WHAT IS REQUIRED:
Each line from the one containing "CrCtl_vDesActOld : Outport" through the end of the data is to be written out exactly, and nothing more.
*** Block opens ***
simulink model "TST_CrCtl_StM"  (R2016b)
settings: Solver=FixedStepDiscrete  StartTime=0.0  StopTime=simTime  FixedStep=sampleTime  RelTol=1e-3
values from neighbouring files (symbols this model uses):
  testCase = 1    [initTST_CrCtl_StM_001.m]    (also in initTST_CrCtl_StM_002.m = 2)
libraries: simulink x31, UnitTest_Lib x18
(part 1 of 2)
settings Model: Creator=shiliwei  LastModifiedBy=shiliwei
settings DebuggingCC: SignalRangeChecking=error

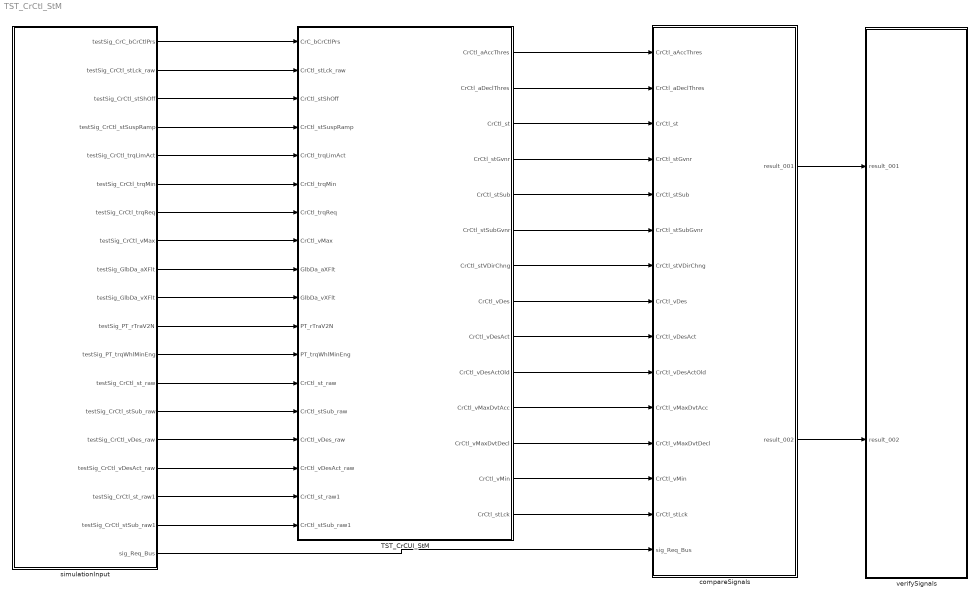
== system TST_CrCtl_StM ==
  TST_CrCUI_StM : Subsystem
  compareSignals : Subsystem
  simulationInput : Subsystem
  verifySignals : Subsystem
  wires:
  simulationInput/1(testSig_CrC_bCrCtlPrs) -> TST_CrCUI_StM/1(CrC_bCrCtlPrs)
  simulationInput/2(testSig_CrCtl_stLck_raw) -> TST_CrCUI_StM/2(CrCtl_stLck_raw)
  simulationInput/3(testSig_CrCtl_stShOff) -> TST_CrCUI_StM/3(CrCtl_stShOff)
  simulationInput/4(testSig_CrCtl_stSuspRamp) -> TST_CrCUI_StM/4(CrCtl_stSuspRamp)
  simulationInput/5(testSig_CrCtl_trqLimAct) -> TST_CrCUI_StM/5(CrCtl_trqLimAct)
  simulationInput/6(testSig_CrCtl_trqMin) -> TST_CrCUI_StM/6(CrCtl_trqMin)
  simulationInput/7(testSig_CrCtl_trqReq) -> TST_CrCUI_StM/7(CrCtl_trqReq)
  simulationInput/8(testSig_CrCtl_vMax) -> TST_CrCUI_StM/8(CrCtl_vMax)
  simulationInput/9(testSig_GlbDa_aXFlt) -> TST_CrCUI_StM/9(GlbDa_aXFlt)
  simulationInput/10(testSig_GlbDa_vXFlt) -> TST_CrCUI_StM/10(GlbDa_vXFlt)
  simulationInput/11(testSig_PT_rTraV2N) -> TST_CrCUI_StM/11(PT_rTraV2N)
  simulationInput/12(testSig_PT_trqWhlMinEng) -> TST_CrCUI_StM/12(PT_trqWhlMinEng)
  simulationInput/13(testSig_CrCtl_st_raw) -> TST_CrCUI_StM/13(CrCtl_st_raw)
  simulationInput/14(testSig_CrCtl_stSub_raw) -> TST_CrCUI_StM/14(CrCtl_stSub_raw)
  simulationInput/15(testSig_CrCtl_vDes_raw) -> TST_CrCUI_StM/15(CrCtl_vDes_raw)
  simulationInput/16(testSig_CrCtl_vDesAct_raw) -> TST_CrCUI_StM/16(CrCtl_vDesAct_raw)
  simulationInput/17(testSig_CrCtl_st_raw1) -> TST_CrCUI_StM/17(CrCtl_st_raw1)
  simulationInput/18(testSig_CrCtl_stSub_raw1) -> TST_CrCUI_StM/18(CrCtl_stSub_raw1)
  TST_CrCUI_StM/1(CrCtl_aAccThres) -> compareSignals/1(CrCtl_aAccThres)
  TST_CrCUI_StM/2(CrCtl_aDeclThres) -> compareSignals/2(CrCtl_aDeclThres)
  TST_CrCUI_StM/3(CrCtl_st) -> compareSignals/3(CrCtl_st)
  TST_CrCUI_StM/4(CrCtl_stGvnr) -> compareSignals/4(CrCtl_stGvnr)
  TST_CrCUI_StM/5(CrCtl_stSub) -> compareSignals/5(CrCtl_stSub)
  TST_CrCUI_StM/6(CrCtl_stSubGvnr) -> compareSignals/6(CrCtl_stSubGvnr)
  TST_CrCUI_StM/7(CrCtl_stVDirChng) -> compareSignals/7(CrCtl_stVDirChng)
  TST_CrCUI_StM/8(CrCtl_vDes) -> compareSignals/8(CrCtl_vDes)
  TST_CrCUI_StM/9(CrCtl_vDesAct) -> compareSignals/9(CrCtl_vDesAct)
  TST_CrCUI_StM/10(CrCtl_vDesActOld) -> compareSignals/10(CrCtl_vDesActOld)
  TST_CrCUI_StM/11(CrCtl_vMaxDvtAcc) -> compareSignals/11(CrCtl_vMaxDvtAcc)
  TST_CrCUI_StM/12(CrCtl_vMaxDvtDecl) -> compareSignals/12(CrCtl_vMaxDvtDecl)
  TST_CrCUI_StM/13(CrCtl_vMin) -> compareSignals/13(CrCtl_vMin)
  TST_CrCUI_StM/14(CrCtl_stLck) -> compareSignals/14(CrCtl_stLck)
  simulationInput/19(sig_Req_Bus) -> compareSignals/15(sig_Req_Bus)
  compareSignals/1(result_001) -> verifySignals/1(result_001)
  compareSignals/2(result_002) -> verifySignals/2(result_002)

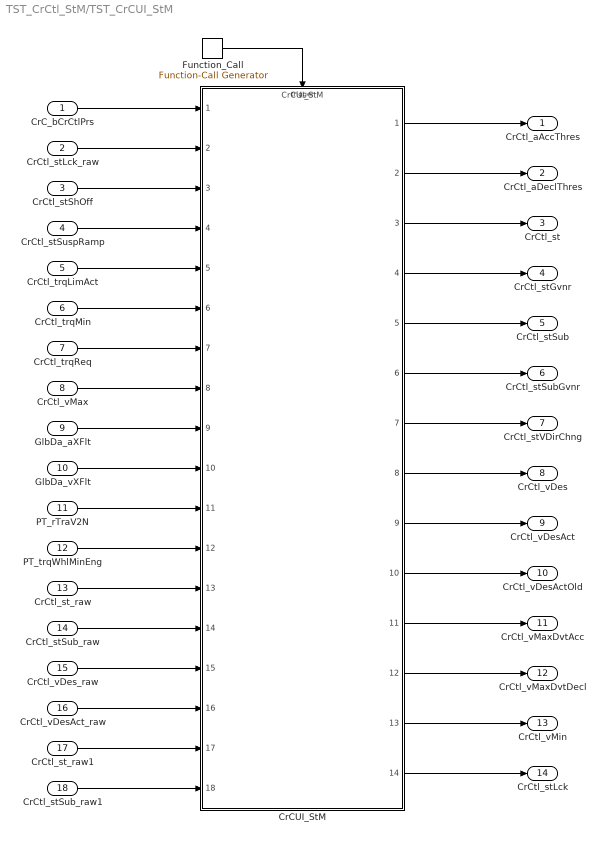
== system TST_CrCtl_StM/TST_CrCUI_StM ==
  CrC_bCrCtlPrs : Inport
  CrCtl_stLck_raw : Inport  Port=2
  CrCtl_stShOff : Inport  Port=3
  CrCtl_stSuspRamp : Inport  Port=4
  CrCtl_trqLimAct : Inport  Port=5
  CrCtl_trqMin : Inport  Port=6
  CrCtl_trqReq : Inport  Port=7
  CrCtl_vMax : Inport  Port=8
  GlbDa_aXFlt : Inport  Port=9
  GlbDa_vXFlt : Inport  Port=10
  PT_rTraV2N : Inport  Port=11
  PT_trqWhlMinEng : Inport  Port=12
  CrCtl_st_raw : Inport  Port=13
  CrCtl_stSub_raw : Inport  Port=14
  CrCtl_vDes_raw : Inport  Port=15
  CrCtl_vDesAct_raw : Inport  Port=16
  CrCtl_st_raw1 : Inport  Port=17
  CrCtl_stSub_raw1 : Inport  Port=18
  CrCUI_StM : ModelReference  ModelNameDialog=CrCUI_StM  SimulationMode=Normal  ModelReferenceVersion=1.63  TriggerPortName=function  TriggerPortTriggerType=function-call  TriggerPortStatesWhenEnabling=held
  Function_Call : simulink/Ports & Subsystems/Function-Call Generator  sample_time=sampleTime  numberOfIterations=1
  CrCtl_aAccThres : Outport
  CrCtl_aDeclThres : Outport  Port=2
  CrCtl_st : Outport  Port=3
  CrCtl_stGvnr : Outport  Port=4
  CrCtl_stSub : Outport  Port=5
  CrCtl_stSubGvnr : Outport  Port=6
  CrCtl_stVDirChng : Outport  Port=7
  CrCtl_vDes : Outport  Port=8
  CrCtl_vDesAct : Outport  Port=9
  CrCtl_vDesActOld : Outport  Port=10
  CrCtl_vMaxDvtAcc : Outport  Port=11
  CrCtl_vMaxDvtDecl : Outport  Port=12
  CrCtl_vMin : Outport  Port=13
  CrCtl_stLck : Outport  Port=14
*** Block closes ***
EXERCISE SOLUTION:
  CrCtl_vDesActOld : Outport  Port=10
  CrCtl_vMaxDvtAcc : Outport  Port=11
  CrCtl_vMaxDvtDecl : Outport  Port=12
  CrCtl_vMin : Outport  Port=13
  CrCtl_stLck : Outport  Port=14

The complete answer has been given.